Good lord I'm feeling a lovely touch of existentialism right now. How odd.
Another thing that annoys me; the fact that our language has no equal substitute for a point of exclamation, most of which contain something having to do with a religious reference. We all know I'm an atheist. And yet using a phrase like "Good lord" comes out. Perhaps because it is something people understand. But I wish I could use something else, without losing the power of my intent.
Too bad.
You know, I really wish I had gone home, fought the sickness and tortured myself. I'm hungry. I would like to sit on the couch at home and eat homecooked food. I have no groceries right now so I can't cook. Depressing. I'm pretty much hungry as hell. I guess I'll see if I can get a pizza. Ok. I ordered a pizza. I hate doing that. It better be good. I like their sauce though. That's very important. I'm the sauce master at home haha.
Something I've realized about myself. I'm obsessed with personal perfection. Wierd seeing as how I'm not a perfectionist on a lot of things. But I believe it comes from this deep knowledge that life is short and I don't want to waste a second. I like things going the way I want them to. But I enjoy the problems too. I'm glad of the pain I've experienced because I have learned from it and felt it and experienced life. Nothing else can give me that. When I was younger I read so much, and I used to think that I gained experiences through that. Which I did. There are so very many things I learned from Heinlein and McCaffrey and the like. But these greater emotions, these deeper wounds of love and pain. Such exquisite beauty befalls me now.
So I'm also a not-very-good songwriter or poet. I find poetry pretentious most of the time, but I will pay respect to its beauty when it better expresses meaning than the verbose. I love lyrics, but music I love even more because I think that is the greater method of expression. I write poetry sometimes, trying to better express the way I feel. It probably means more to me than anyone else who would read it. My mom told me that she used to have books full of poetry that she would write. I read some of her high school stuff she got published. It was amazing. I wish she would put some of her poetry up in the house. I was going to say instead of my art, but they took most of that down. Ah well. But I have my guitar, and my feelings, and my love of music, so I've been writing things.

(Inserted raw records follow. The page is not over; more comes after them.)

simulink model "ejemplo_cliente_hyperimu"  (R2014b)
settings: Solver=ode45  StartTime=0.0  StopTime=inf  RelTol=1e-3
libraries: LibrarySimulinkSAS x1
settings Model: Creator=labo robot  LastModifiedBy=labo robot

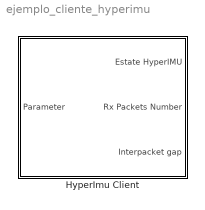
== system ejemplo_cliente_hyperimu ==
  HyperImu Client : Subsystem  mask{dev=1}
      mask prompts: dev "Device Number"
      mask Help:
      | HELP DEVICE
      | 
      | - UDP Client for the server "HyperIMU"-Android App
      | 
      | HELP DRIVERS
      | 
      | Install in your phone the app "HyperIMU" for Android. Link: https://play.google.com/store/apps/details?id=com.ianovir.hyper_imu&hl=es
      | -------------------------------------------------------------------------------------------------------------------------------------------------------
      | HELP APP
      | 
      | Before running the Simulink model initiate communication with the device through the application 'imu.exe' available from folder '\SAS TOOLS\Software imu V1.1.0'. After executing the program the app icon is available in the taskbar.
      | The app "HyperIMU.exe" is handled from right-click on the icon and selecting the corresponding option:
      | "Play" -> Start the commnunication between the device and the app
      | "Stop" -> Stop the communication
      | "Monitor"->view the state of sensors and communication
      | 
      | -------------------------------------------------------------------------------------------------------------------------------------------------------
      | 
      | HELP BLOCK
      | 
      | Input Ports
      | 
      | Port 'Parameters' scalar non-used.
      | 
      | Output Ports
      | 
      | Port 'State': sensors information chosen with the App HyperIMU
      | 
      | 'Rx Packets Number' number of received packets by the client
      | 
      | 'Interpacket gap' time between packets
      | 
      | -------------------------------------------------------------------------------------------------------------------------------------------------------
      | 
      | HELP SHARE MEMORY (information only for external applications different to "HyperIMU.exe")
      | 
      | Shared Memory Names:
      | 
      | 'HYPERIMU_entrada_'#dev
      | 'HYPERIMU_salida_'#dev
      | NOTE: replace #dev with the device number
      mask DialogControl DescGroupVar Prompt: HyperIMU client
      mask DialogControl DescTextVar Prompt: This block is used to receive data via UDP from the App "HyperIMU" through the application 'HyperIMU.exe' available on folder '\SAS TOOLS\Software HyperIMU V1.1.0'. More information in Help button.
      mask Display:
      | image('Client.png')
      | color('red')
      | port_label('input',1,'Parameter')
      | color('blue')
      | port_label('output',1,'Sensors')
      | port_label('output',2,'Rx Packets Number')
      | port_label('output',3,'Interpacket gap')

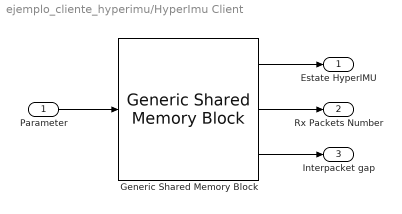
== system ejemplo_cliente_hyperimu/HyperImu Client ==
  Parameter : Inport
  Generic Shared Memory Block : LibrarySimulinkSAS/Generic Shared Memory Block  nombre='HYPERIMU'  dispositivo=dev  vecE=[1]  vecS=[12 1 1]  tipoE=['f']  tipoS=['f' 'I' 'f']
  Estate HyperIMU : Outport
  Rx Packets Number : Outport  Port=2
  Interpacket gap : Outport  Port=3
  wires:
  Generic Shared Memory Block/2 -> Rx Packets Number/1
  Generic Shared Memory Block/3 -> Interpacket gap/1
  Generic Shared Memory Block/1 -> Estate HyperIMU/1
  Parameter/1 -> Generic Shared Memory Block/1

Doing things for yourself is a wonderful feeling. Like, everyone wants the validation of someone else in the universe hearing and liking what they create... but for now I am content to sing songs to myself.
Gosh I'm verbose tonight. I guess I'm waiting for pizza. I did have a pang of lonliness today, but I think I'm learning to trust my independance again. I was hiding from myself behind the facade of other people. Worth it, but I missed myself. I've always been my best company. I wish I had another novel to escape into. I have tired of computer games, because those experiences are nothing.... novels at least leave something behind, a false memory if you will. I guess I'll watch a movie. I have a few that I haven't seen in a while. I have way too many to choose from. I have stopped enjoying watching movies by myself though. Probably because people are unpredictable and new and movies are past tense. History. No chance for a different ending. I've never met a movie that kept going after the end, but I know plenty of ends where people kept going.
Ah well. Time to do something else. Eat, entertain self, go to bed early, get up early and go home.